Even conversing with the same people and periodically meeting up with individuals has nothing on the twice monthly socials that I used to organise. We try to have (remote) movie and game nights, but it's not quite the same.

Before the pandemic kicked in I'd been working up to having a (flexible) workplace based role again but that was in the theatrical industry so things have changed substantially there!

Right now I'm distracting myself from the lack of social contact by buying broken tools and finally getting around to building up a workshop, which is what brought me to this place.
 
I believe there are dangers as time goes on and the norm becomes working from home. Imagine finishing education and starting your first job. You go into an office for induction and training. You are then sent home with a laptop and you just sit there, day in day out, meeting no-one. Mind you, you might be prepared if you have spent the previous 3 years at university, doing an online degree from home, meeting no-one. And who knows, school before that as well, meeting no-one?

E M Forster's novelette 'The Machine Stops', published way back in 1909, predicts where that road leads.

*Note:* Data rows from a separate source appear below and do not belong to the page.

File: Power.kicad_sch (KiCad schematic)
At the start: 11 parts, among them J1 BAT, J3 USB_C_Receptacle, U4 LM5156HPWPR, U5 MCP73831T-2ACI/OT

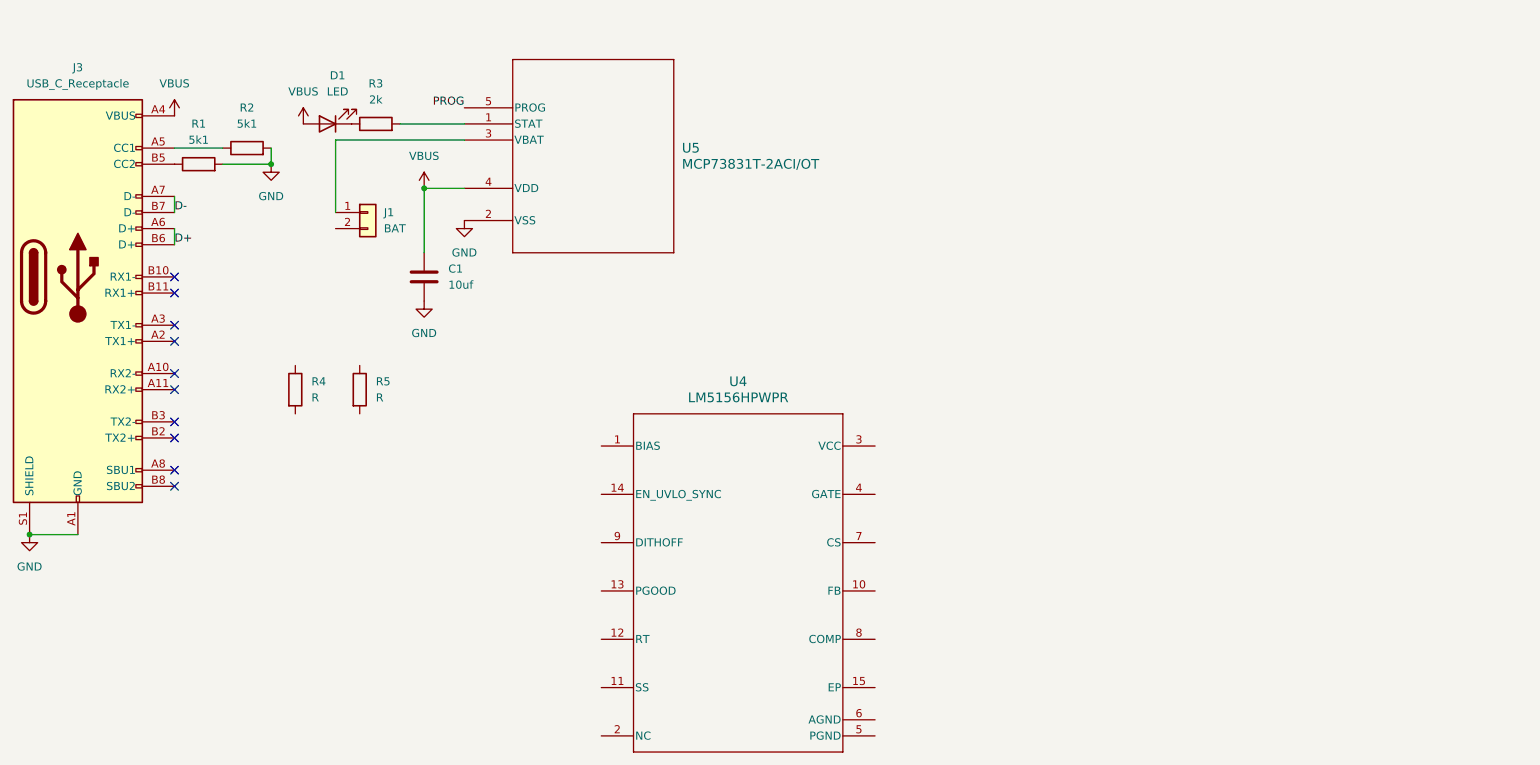
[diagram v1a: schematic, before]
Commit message: Additional sheets in the schematic
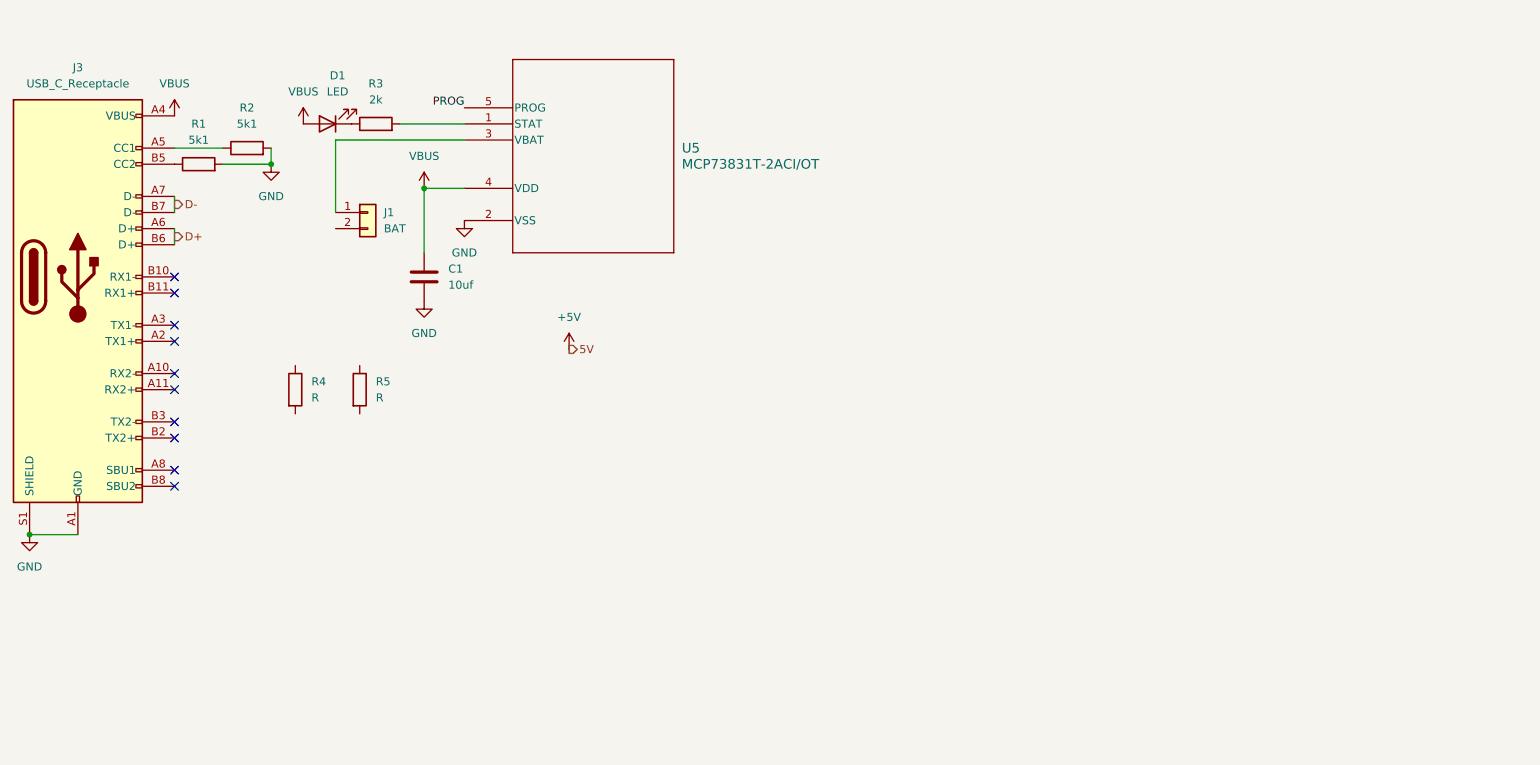
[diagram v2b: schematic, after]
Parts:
- removed U4: LM5156HPWPR, PWP0014H-IPC_A, symbol LM5156H:LM5156HPWPR
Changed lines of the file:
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@@
     (stroke (width 0) (type default))
-  )
-  (label "D-" (at 45.72 43.18 0) (fields_autoplaced)
-    (effects (font (size 1.27 1.27)) (justify left bottom))
   )
   (label "PROG" (at 91.44 26.67 180) (fields_autoplaced)
     (effects (font (size 1.27 1.27)) (justify right bottom))
   )
-  (label "D+" (at 45.72 48.26 0) (fields_autoplaced)
-    (effects (font (size 1.27 1.27)) (justify left bottom))
+  (hierarchical_label "D+" (shape output) (at 45.72 46.99 0) (fields_autoplaced)
+    (effects (font (size 1.27 1.27)) (justify left))
   )
-  (symbol (lib_id "LM5156H:LM5156HPWPR") (at 113.03 80.01 0) (unit 1)
-    (in_bom yes) (on_board yes) (dnp no) (fields_autoplaced)
-    (property "Reference" "U4" (at 134.62 69.85 0)
-      (effects (font (size 1.524 1.524)))
-    )
-    (property "Value" "LM5156HPWPR" (at 134.62 72.39 0)
-      (effects (font (size 1.524 1.524)))
-    )
-    (property "Footprint" "PWP0014H-IPC_A" (at 113.03 80.01 0)
-      (effects (font (size 1.27 1.27) italic) hide)
-    )
-    (property "Datasheet" "LM5156HPWPR" (at 113.03 80.01 0)
-      (effects (font (size 1.27 1.27) italic) hide)
-    )
-    (pin "1")
-    (pin "10")
-    (pin "11")
-    (pin "12")
-    (pin "13")
-    (pin "14")
-    (pin "15")
-    (pin "2")
-    (pin "3")
-    (pin "4")
-    (pin "5")
-    (pin "6")
-    (pin "7")
-    (pin "8")
-    (pin "9")
-    (instances
-      (project "Pico-Skidi"
-        (path "/21865b85-eb74-4d61-a31a-30858d3bc341"
-          (reference "U4") (unit 1)
-        )
-        (path "/21865b85-eb74-4d61-a31a-30858d3bc341/8900a908-b882-43c5-abd2-34b7e0cc181b"
-          (reference "U4") (unit 1)
-        )
-      )
-    )
+  (hierarchical_label "D-" (shape output) (at 45.72 41.91 0) (fields_autoplaced)
+    (effects (font (size 1.27 1.27)) (justify left))
+  )
+  (hierarchical_label "5V" (shape output) (at 107.95 64.77 0) (fields_autoplaced)
+    (effects (font (size 1.27 1.27)) (justify left))
   )
   (symbol (lib_id "power:VBUS") (at 45.72 27.94 0) (unit 1)
@@
         )
       )
+    )
+  )
+  (symbol (lib_id "power:+5V") (at 107.95 64.77 0) (unit 1)
+    (in_bom yes) (on_board yes) (dnp no) (fields_autoplaced)
+    (property "Reference" "#PWR010" (at 107.95 68.58 0)
+      (effects (font (size 1.27 1.27)) hide)
+    )
+    (property "Value" "+5V" (at 107.95 59.69 0)
+      (effects (font (size 1.27 1.27)))
+    )
+    (property "Footprint" "" (at 107.95 64.77 0)
+      (effects (font (size 1.27 1.27)) hide)
+    )
+    (property "Datasheet" "" (at 107.95 64.77 0)
+      (effects (font (size 1.27 1.27)) hide)
+    )
+    (pin "1")
+    (instances
+      (project "Pico-Skidi"
+        (path "/21865b85-eb74-4d61-a31a-30858d3bc341/8900a908-b882-43c5-abd2-34b7e0cc181b"
+          (reference "#PWR010") (unit 1)
+        )
+      )

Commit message: Lots of changes
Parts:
- added Q1: Q_PMOS_GDS, symbol Device:Q_PMOS_GDS
- C1: footprint (none) -> Capacitor_SMD:C_0603_1608Metric_Pad1.08x0.95mm_HandSolder
- D1: footprint (none) -> LED_SMD:LED_0603_1608Metric_Pad1.05x0.95mm_HandSolder
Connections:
- net +5V: now also Q1.3 (S)
- net VBUS: now also Q1.1 (G)
- new net Batt_Source: Q1.2 (D)

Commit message: syncing
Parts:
- removed R4: R, symbol Device:R
- added C2: 0.1uF, Capacitor_SMD:C_0603_1608Metric_Pad1.08x0.95mm_HandSolder, symbol Device:C
- added C3: C, Capacitor_SMD:C_0603_1608Metric_Pad1.08x0.95mm_HandSolder, symbol Device:C
- added D1: LED, LED_SMD:LED_0603_1608Metric_Pad1.05x0.95mm_HandSolder, symbol Device:LED
- added Q2, Q3: Q_NMOS_DGS, Connector_PinHeader_2.54mm:PinHeader_1x03_P2.54mm_Vertical, symbol Device:Q_NMOS_DGS
- added R3: 2k, Resistor_SMD:R_0603_1608Metric_Pad0.98x0.95mm_HandSolder, symbol Device:R
- added R6: 3k3, Resistor_SMD:R_0603_1608Metric_Pad0.98x0.95mm_HandSolder, symbol Device:R
- added R7: 330, Resistor_SMD:R_0603_1608Metric_Pad0.98x0.95mm_HandSolder, symbol Device:R
- added R8: 2.2k, Resistor_SMD:R_0603_1608Metric_Pad0.98x0.95mm_HandSolder, symbol Device:R
- added U2: BQ29700DSER, BQ29700DSER:DSE0006A, symbol BQ29700DSER:BQ29700DSER
- J1: footprint (none) -> Connector_JST:JST_PH_S2B-PH-K_1x02_P2.00mm_Horizontal
- J3: footprint (none) -> Connector_USB:USB_C_Plug_Molex_105444
- Q1: footprint (none) -> Connector_PinHeader_2.54mm:PinHeader_1x03_P2.54mm_Vertical
- R1, R2, R3: footprint (none) -> Resistor_SMD:R_0603_1608Metric_Pad0.98x0.95mm_HandSolder
- R5: value R -> 4k99; footprint (none) -> Resistor_SMD:R_0603_1608Metric_Pad0.98x0.95mm_HandSolder
- U5: footprint SOT-23-5_MC_MCH -> MCP73831:SOT-23-5_MC_MCH
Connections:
- net PROG is gone; now on an unnamed net: U5.5 (PROG)
- net GND: now also J1.1 (Pin_1), R5.1, U5.3 (VBAT), C2.2, C3.1, C3.2, D1.1 (K), Q3.3 (S), R6.2, R7.1, U2.4 (VSS)
- net BAT_GND: now reaches J1.2 (Pin_2)
- net at R5.2: now also R6.1
- new net: Q2.2 (G), U2.2 (COUT)
- new net: Q3.2 (G), U2.3 (DOUT)
- new net: C2.1, R7.2, U2.5 (BAT)
- new net: R8.1, U2.6 (V-)
- new net: Q2.1 (D), Q3.1 (D)
- new net: Q2.3 (S), R8.2
- new net POWER_LED_A: D1.2 (A), R3.2
- new net VSYS: R3.1
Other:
- note added: "Adding both resistors here sets current limit to ~500mA"
- moved on the sheet: C1, D1, J1, Q1, R3, U5

Everyone lives alone underground in their own little capsule and communication is via a giant world-wide machine that provides everything. Quite scarily prescient.
 
Perhaps I am alone here. This thread is quite sad. I spent my career in professional office life, running businesses. I exited the last one 15 months ago and have not been back to London since. I do not miss in any way having to guide often clueless staff through simple things, or deal with new graduates who have done nothing, but still reckon they deserve a pay rise. The people I employed were staff not friends and I do not miss the office at all. Being the boss is a lot of the time about acting in a particular way and although I will no doubt have another business, it will involve a great deal more WFH and private time for me.